You’ve probably heard so far that an untreated “rotten” tooth can cause a bigger internal problem in the body. Many dentists will confirm as there is a strong bond between the health of the internal organs and the health of the teeth. Healthy teeth mean a healthy body.
Here’s an example. The lower and upper incisors are linked to the kidneys, the ears, and the bladder. The canine teeth are connected to the liver and the gallbladder.
Experts say that the molars are linked to the spleen, pancreas, and the stomach, while the premolars reflect the state of the lungs. The wisdom teeth are connected to the small intestine and the heart.

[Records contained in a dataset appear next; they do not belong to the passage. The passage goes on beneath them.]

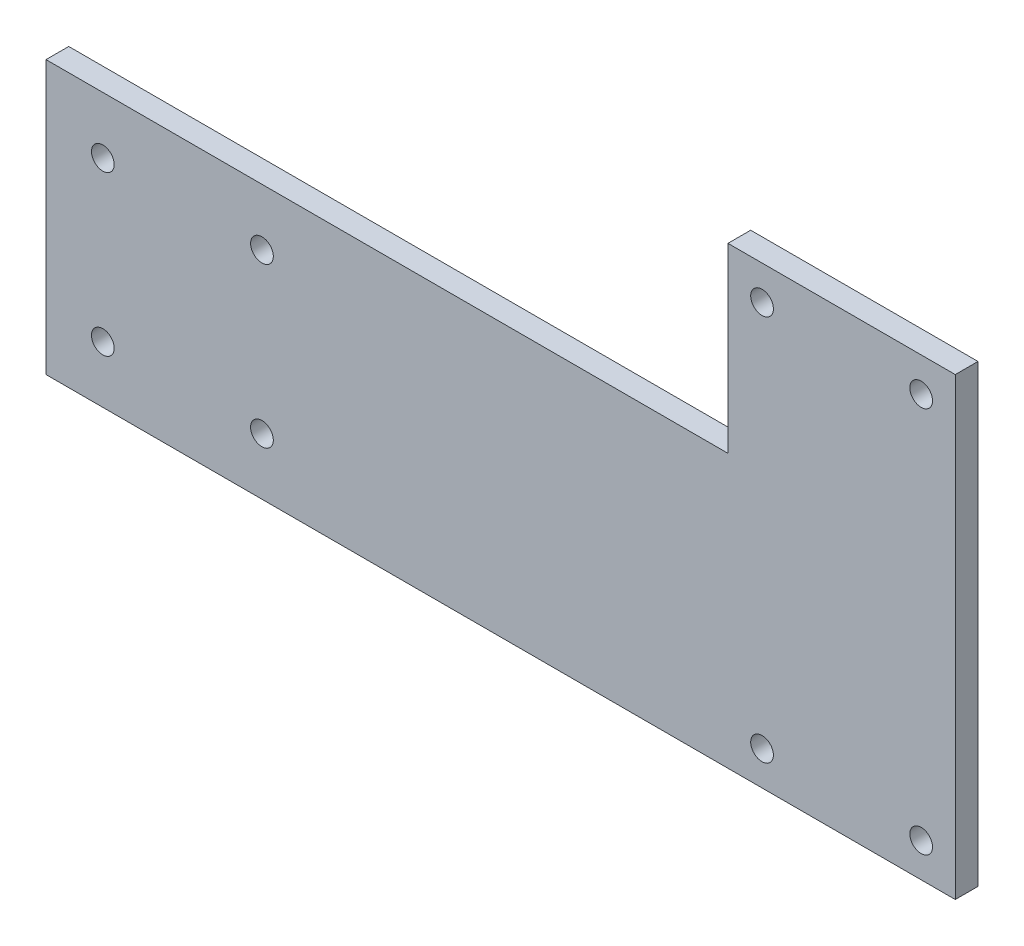
ISO-10303-21;
HEADER;
FILE_DESCRIPTION(('STEP AP214'),'2;1');
FILE_NAME('part.step','',(''),(''),'','','');
FILE_SCHEMA(('AUTOMOTIVE_DESIGN { 1 0 10303 214 1 1 1 1 }'));
ENDSEC;
DATA;
#1=APPLICATION_CONTEXT('core data for automotive mechanical design processes');
#2=APPLICATION_PROTOCOL_DEFINITION('international standard','automotive_design',2000,#1);
#3=PRODUCT_CONTEXT('',#1,'mechanical');
#4=PRODUCT('Part','Part','',(#3));
#5=PRODUCT_RELATED_PRODUCT_CATEGORY('part','',(#4));
#6=PRODUCT_DEFINITION_FORMATION('','',#4);
#7=PRODUCT_DEFINITION_CONTEXT('part definition',#1,'design');
#8=PRODUCT_DEFINITION('design','',#6,#7);
#9=PRODUCT_DEFINITION_SHAPE('','',#8);
#10=(LENGTH_UNIT() NAMED_UNIT(*) SI_UNIT(.MILLI.,.METRE.));
#11=(NAMED_UNIT(*) PLANE_ANGLE_UNIT() SI_UNIT($,.RADIAN.));
#12=(NAMED_UNIT(*) SI_UNIT($,.STERADIAN.) SOLID_ANGLE_UNIT());
#13=UNCERTAINTY_MEASURE_WITH_UNIT(LENGTH_MEASURE(1.E-05),#10,'distance_accuracy_value','');
#14=(GEOMETRIC_REPRESENTATION_CONTEXT(3) GLOBAL_UNCERTAINTY_ASSIGNED_CONTEXT((#13)) GLOBAL_UNIT_ASSIGNED_CONTEXT((#10,
#11,#12)) REPRESENTATION_CONTEXT('',''));
#15=CARTESIAN_POINT('',(0.,0.,0.));
#16=DIRECTION('',(0.,0.,1.));
#17=DIRECTION('',(1.,0.,0.));
#18=AXIS2_PLACEMENT_3D('',#15,#16,#17);
#19=CARTESIAN_POINT('',(0.,0.,5.));
#20=DIRECTION('',(0.,0.,1.));
#21=DIRECTION('',(1.,0.,0.));
#22=AXIS2_PLACEMENT_3D('',#19,#20,#21);
#23=PLANE('',#22);
#24=DIRECTION('',(0.,1.,0.));
#25=VECTOR('',#24,1.);
#26=CARTESIAN_POINT('',(50.,50.,5.));
#27=LINE('',#26,#25);
#28=CARTESIAN_POINT('',(50.,10.,5.));
#29=VERTEX_POINT('',#28);
#30=CARTESIAN_POINT('',(50.,50.,5.));
#31=VERTEX_POINT('',#30);
#32=EDGE_CURVE('E115',#29,#31,#27,.T.);
#33=ORIENTED_EDGE('',*,*,#32,.F.);
#34=DIRECTION('',(1.,0.,0.));
#35=VECTOR('',#34,1.);
#36=CARTESIAN_POINT('',(50.,10.,5.));
#37=LINE('',#36,#35);
#38=CARTESIAN_POINT('',(-100.,10.,5.));
#39=VERTEX_POINT('',#38);
#40=EDGE_CURVE('E107',#39,#29,#37,.T.);
#41=ORIENTED_EDGE('',*,*,#40,.F.);
#42=DIRECTION('',(0.,-1.,0.));
#43=VECTOR('',#42,1.);
#44=CARTESIAN_POINT('',(-100.,50.,5.));
#45=LINE('',#44,#43);
#46=CARTESIAN_POINT('',(-100.,-50.,5.));
#47=VERTEX_POINT('',#46);
#48=EDGE_CURVE('E113',#39,#47,#45,.T.);
#49=ORIENTED_EDGE('',*,*,#48,.T.);
#50=DIRECTION('',(1.,0.,0.));
#51=VECTOR('',#50,1.);
#52=CARTESIAN_POINT('',(-100.,-50.,5.));
#53=LINE('',#52,#51);
#54=CARTESIAN_POINT('',(100.,-50.,5.));
#55=VERTEX_POINT('',#54);
#56=EDGE_CURVE('E66',#47,#55,#53,.T.);
#57=ORIENTED_EDGE('',*,*,#56,.T.);
#58=DIRECTION('',(0.,1.,0.));
#59=VECTOR('',#58,1.);
#60=CARTESIAN_POINT('',(100.,50.,5.));
#61=LINE('',#60,#59);
#62=CARTESIAN_POINT('',(100.,50.,5.));
#63=VERTEX_POINT('',#62);
#64=EDGE_CURVE('E126',#55,#63,#61,.T.);
#65=ORIENTED_EDGE('',*,*,#64,.T.);
#66=DIRECTION('',(-1.,0.,0.));
#67=VECTOR('',#66,1.);
#68=CARTESIAN_POINT('',(-100.,50.,5.));
#69=LINE('',#68,#67);
#70=EDGE_CURVE('E90',#63,#31,#69,.T.);
#71=ORIENTED_EDGE('',*,*,#70,.T.);
#72=EDGE_LOOP('',(#33,#41,#49,#57,#65,#71));
#73=FACE_BOUND('',#72,.T.);
#74=CARTESIAN_POINT('',(-87.5,-2.5,5.));
#75=DIRECTION('',(0.,0.,1.));
#76=DIRECTION('',(1.,0.,0.));
#77=AXIS2_PLACEMENT_3D('',#74,#75,#76);
#78=CIRCLE('',#77,2.49999999999999);
#79=CARTESIAN_POINT('',(-85.,-2.5,5.));
#80=VERTEX_POINT('',#79);
#81=EDGE_CURVE('E175',#80,#80,#78,.T.);
#82=ORIENTED_EDGE('',*,*,#81,.F.);
#83=EDGE_LOOP('',(#82));
#84=FACE_BOUND('',#83,.T.);
#85=CARTESIAN_POINT('',(-52.5,-2.5,5.));
#86=DIRECTION('',(0.,0.,1.));
#87=DIRECTION('',(1.,0.,0.));
#88=AXIS2_PLACEMENT_3D('',#85,#86,#87);
#89=CIRCLE('',#88,2.5);
#90=CARTESIAN_POINT('',(-50.,-2.5,5.));
#91=VERTEX_POINT('',#90);
#92=EDGE_CURVE('E165',#91,#91,#89,.T.);
#93=ORIENTED_EDGE('',*,*,#92,.F.);
#94=EDGE_LOOP('',(#93));
#95=FACE_BOUND('',#94,.T.);
#96=CARTESIAN_POINT('',(57.5,42.5,5.));
#97=DIRECTION('',(0.,0.,1.));
#98=DIRECTION('',(1.,0.,0.));
#99=AXIS2_PLACEMENT_3D('',#96,#97,#98);
#100=CIRCLE('',#99,2.5);
#101=CARTESIAN_POINT('',(60.,42.5,5.));
#102=VERTEX_POINT('',#101);
#103=EDGE_CURVE('E191',#102,#102,#100,.T.);
#104=ORIENTED_EDGE('',*,*,#103,.F.);
#105=EDGE_LOOP('',(#104));
#106=FACE_BOUND('',#105,.T.);
#107=CARTESIAN_POINT('',(57.5,-42.5,5.));
#108=DIRECTION('',(0.,0.,1.));
#109=DIRECTION('',(1.,0.,0.));
#110=AXIS2_PLACEMENT_3D('',#107,#108,#109);
#111=CIRCLE('',#110,2.5);
#112=CARTESIAN_POINT('',(60.,-42.5,5.));
#113=VERTEX_POINT('',#112);
#114=EDGE_CURVE('E207',#113,#113,#111,.T.);
#115=ORIENTED_EDGE('',*,*,#114,.F.);
#116=EDGE_LOOP('',(#115));
#117=FACE_BOUND('',#116,.T.);
#118=CARTESIAN_POINT('',(-87.5,-37.5,5.));
#119=DIRECTION('',(0.,0.,1.));
#120=DIRECTION('',(1.,0.,0.));
#121=AXIS2_PLACEMENT_3D('',#118,#119,#120);
#122=CIRCLE('',#121,2.5);
#123=CARTESIAN_POINT('',(-85.,-37.5,5.));
#124=VERTEX_POINT('',#123);
#125=EDGE_CURVE('E135',#124,#124,#122,.T.);
#126=ORIENTED_EDGE('',*,*,#125,.F.);
#127=EDGE_LOOP('',(#126));
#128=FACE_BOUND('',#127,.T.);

But even though the a tooth that hasn’t been treated on time can cause problems, it doesn’t mean that all damages in the body were caused by the teeth. It’s vital to pay your doctor and your dentist a regular visit, just in case. It’s also important to know how each tooth is connected to each organ.
Here’s the list:
Pain the lower and upper incisor: otitis, pyelonephritis, or cystitis
Chronic pain in the canine teeth: hepatitis or cholecystitis
Pain in the first incisor: prostatitis or tonsillitis
Premolar teeth pain: colon disease, knee pain, elbow pain, or inflammatory-related diseases
Molars pain: chronic gastritis, duodenal ulcer, gastric ulcer, anemia, chronic pancreatitis
Pain in the lower molars: varicose veins, polyps in the colon, pneumonia, bronchial, bronchitis, asthma
Pain in the sixth upper teeth: inflammation in the spleen, ovaries, thyroid gland or sinusitis diseases
Pain in the sixth lower teeth, arteries problems, atherosclerosis, or vein-related problems
Wisdom teeth pain: coronary heart disease, cardiac diseases, a congenital defect.
Again, any kind of condition or disease aren’t necessary caused by bad teeth. Nevertheless, don’t forget that your overall health depends on the health of the mouth. Take good care of the teeth and the gums to prevent any unnecessary complications.